### To do
Which lines in the data below contain the string "class"? Show each one.

(Supplied material)

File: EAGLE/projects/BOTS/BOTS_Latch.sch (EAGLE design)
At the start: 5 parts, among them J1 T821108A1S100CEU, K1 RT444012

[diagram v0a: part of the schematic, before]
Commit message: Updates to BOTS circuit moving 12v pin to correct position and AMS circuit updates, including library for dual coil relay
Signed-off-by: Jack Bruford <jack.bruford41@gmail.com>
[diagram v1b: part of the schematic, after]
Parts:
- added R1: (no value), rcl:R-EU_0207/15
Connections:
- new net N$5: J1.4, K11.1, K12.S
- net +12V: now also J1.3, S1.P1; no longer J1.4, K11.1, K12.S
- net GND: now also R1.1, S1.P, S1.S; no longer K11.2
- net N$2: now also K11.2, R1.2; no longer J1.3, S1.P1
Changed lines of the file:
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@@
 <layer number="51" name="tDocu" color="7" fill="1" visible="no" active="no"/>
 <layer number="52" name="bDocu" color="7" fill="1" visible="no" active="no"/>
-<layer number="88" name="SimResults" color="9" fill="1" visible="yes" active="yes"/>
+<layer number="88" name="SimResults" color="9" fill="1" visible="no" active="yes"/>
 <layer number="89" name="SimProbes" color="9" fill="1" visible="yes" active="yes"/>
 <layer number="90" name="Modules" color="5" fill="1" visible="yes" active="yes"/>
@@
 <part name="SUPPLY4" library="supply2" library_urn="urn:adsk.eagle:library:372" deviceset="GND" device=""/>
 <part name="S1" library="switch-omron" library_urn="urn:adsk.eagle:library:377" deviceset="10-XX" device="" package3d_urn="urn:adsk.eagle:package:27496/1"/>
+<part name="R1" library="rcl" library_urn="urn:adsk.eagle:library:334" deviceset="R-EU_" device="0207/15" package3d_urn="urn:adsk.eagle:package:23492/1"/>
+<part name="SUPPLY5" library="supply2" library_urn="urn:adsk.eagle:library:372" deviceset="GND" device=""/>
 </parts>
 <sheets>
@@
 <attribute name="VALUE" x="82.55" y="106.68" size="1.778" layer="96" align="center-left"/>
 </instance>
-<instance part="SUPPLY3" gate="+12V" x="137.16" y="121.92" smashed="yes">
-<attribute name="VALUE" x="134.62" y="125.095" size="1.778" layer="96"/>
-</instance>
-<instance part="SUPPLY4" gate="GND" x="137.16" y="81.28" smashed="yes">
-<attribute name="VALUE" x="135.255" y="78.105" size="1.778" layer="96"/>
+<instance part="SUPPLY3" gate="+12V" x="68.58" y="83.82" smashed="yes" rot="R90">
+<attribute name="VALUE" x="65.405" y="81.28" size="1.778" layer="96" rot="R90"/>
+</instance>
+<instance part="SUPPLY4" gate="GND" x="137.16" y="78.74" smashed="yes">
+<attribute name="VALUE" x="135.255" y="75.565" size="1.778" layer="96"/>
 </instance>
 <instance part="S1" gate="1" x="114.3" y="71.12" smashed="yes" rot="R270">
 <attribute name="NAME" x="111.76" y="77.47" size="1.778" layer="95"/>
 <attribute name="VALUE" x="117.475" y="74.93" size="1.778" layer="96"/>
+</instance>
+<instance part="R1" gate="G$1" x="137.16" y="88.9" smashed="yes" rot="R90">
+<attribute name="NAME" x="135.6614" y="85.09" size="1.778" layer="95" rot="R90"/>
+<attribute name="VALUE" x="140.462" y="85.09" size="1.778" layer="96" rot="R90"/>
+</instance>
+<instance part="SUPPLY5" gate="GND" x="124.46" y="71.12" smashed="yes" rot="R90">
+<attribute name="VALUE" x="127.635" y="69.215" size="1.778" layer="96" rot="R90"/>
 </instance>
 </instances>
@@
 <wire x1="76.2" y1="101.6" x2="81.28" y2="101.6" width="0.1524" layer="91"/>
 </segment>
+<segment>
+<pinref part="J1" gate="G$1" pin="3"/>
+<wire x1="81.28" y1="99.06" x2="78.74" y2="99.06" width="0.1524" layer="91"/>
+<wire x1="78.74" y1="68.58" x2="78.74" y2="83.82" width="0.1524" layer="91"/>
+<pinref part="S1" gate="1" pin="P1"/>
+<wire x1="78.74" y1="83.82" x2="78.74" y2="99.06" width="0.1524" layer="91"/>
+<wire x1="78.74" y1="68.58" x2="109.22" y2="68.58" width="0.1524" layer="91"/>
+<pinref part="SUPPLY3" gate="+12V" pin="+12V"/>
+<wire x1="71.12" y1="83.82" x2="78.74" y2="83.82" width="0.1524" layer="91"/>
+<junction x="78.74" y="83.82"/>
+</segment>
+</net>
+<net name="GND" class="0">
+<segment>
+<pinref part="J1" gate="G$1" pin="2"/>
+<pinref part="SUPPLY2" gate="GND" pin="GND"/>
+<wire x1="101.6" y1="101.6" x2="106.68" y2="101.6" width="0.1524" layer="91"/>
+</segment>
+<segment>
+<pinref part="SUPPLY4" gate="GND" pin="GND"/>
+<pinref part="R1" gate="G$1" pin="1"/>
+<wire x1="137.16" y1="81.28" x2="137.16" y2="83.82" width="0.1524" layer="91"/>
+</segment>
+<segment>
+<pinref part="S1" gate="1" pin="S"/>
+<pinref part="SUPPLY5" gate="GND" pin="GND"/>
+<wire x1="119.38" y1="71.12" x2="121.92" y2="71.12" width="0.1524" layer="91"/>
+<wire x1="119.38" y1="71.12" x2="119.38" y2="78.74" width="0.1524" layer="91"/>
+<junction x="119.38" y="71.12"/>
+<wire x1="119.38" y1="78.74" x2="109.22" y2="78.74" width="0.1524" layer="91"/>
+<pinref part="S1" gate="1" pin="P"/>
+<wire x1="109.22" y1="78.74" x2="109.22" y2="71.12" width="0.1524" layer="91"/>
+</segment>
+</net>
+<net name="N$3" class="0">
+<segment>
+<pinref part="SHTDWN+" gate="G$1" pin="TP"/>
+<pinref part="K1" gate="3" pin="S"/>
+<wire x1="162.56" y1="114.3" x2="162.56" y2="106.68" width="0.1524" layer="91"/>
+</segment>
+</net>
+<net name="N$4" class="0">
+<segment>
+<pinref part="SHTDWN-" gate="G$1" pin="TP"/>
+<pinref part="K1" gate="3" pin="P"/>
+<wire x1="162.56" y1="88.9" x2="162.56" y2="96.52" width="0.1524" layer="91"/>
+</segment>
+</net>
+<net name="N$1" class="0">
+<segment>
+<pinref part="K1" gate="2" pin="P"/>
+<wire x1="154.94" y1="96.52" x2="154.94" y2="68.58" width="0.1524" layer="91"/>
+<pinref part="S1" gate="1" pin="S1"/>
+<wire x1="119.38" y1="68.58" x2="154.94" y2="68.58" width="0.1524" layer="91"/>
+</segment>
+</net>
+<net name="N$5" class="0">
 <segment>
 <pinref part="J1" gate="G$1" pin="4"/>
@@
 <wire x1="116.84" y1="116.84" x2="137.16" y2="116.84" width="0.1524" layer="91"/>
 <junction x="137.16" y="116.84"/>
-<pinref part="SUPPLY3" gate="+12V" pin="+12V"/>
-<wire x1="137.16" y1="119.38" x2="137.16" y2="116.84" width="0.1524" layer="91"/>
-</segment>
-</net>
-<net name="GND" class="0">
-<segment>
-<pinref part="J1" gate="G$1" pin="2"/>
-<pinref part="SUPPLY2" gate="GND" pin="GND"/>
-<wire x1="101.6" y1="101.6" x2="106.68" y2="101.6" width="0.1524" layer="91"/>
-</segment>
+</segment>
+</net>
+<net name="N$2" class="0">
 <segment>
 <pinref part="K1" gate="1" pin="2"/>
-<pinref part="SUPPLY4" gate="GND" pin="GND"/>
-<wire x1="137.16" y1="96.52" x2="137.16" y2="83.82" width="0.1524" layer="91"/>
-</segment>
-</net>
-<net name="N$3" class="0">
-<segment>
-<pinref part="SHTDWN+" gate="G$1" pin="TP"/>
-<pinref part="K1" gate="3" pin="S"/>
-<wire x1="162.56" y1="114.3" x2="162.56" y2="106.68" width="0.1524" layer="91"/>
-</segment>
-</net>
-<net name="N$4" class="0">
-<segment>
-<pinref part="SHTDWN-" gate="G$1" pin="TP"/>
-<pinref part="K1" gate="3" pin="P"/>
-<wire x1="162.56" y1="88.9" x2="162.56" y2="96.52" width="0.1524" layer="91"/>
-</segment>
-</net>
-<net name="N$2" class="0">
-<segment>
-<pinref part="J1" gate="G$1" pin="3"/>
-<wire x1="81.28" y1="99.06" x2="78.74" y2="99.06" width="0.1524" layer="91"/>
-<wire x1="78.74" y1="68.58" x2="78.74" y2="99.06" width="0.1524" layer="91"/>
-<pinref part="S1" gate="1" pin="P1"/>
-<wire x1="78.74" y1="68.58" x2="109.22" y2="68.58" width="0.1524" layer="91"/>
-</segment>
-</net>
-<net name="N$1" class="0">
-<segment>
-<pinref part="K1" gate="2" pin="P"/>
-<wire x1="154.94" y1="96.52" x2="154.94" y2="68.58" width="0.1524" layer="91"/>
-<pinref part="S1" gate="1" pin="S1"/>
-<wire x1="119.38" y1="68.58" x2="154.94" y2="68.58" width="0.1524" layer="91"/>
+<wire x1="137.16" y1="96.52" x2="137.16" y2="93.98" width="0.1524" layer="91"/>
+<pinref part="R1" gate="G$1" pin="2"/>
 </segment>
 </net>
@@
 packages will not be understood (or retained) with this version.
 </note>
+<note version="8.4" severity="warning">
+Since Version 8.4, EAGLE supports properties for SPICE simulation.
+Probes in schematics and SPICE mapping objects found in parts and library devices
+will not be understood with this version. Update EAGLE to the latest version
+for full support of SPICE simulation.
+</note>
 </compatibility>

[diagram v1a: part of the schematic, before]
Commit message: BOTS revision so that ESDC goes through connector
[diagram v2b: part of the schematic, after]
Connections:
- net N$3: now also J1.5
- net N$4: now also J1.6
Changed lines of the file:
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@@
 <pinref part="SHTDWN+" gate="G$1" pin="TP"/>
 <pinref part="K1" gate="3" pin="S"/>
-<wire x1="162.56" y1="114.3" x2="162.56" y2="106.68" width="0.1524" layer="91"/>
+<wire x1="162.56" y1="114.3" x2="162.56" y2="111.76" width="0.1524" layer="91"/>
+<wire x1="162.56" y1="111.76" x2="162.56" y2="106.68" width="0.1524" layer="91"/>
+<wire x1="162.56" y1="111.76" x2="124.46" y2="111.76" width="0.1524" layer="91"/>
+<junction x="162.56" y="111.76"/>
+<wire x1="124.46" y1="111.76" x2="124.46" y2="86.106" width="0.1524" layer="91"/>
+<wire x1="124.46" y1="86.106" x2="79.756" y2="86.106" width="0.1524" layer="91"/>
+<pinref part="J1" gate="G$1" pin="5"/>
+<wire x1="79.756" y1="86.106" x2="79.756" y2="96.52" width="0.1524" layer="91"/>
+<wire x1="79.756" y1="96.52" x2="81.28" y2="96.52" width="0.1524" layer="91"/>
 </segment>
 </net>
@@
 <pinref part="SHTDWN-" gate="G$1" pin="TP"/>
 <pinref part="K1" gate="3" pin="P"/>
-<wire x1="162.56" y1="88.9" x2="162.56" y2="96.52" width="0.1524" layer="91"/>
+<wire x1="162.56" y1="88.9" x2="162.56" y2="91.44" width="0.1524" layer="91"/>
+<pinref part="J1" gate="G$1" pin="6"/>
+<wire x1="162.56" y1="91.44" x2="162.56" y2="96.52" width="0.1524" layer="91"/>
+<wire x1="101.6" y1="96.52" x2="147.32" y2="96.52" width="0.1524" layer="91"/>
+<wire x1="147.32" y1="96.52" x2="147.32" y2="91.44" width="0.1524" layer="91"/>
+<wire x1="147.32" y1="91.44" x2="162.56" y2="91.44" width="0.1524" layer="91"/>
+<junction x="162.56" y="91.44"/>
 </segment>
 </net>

(End Supplied material)

### Solution to this problem
+<net name="GND" class="0">
+<net name="N$3" class="0">
+<net name="N$4" class="0">
+<net name="N$1" class="0">
+<net name="N$5" class="0">
-<net name="GND" class="0">
+<net name="N$2" class="0">
-<net name="N$3" class="0">
-<net name="N$4" class="0">
-<net name="N$2" class="0">
-<net name="N$1" class="0">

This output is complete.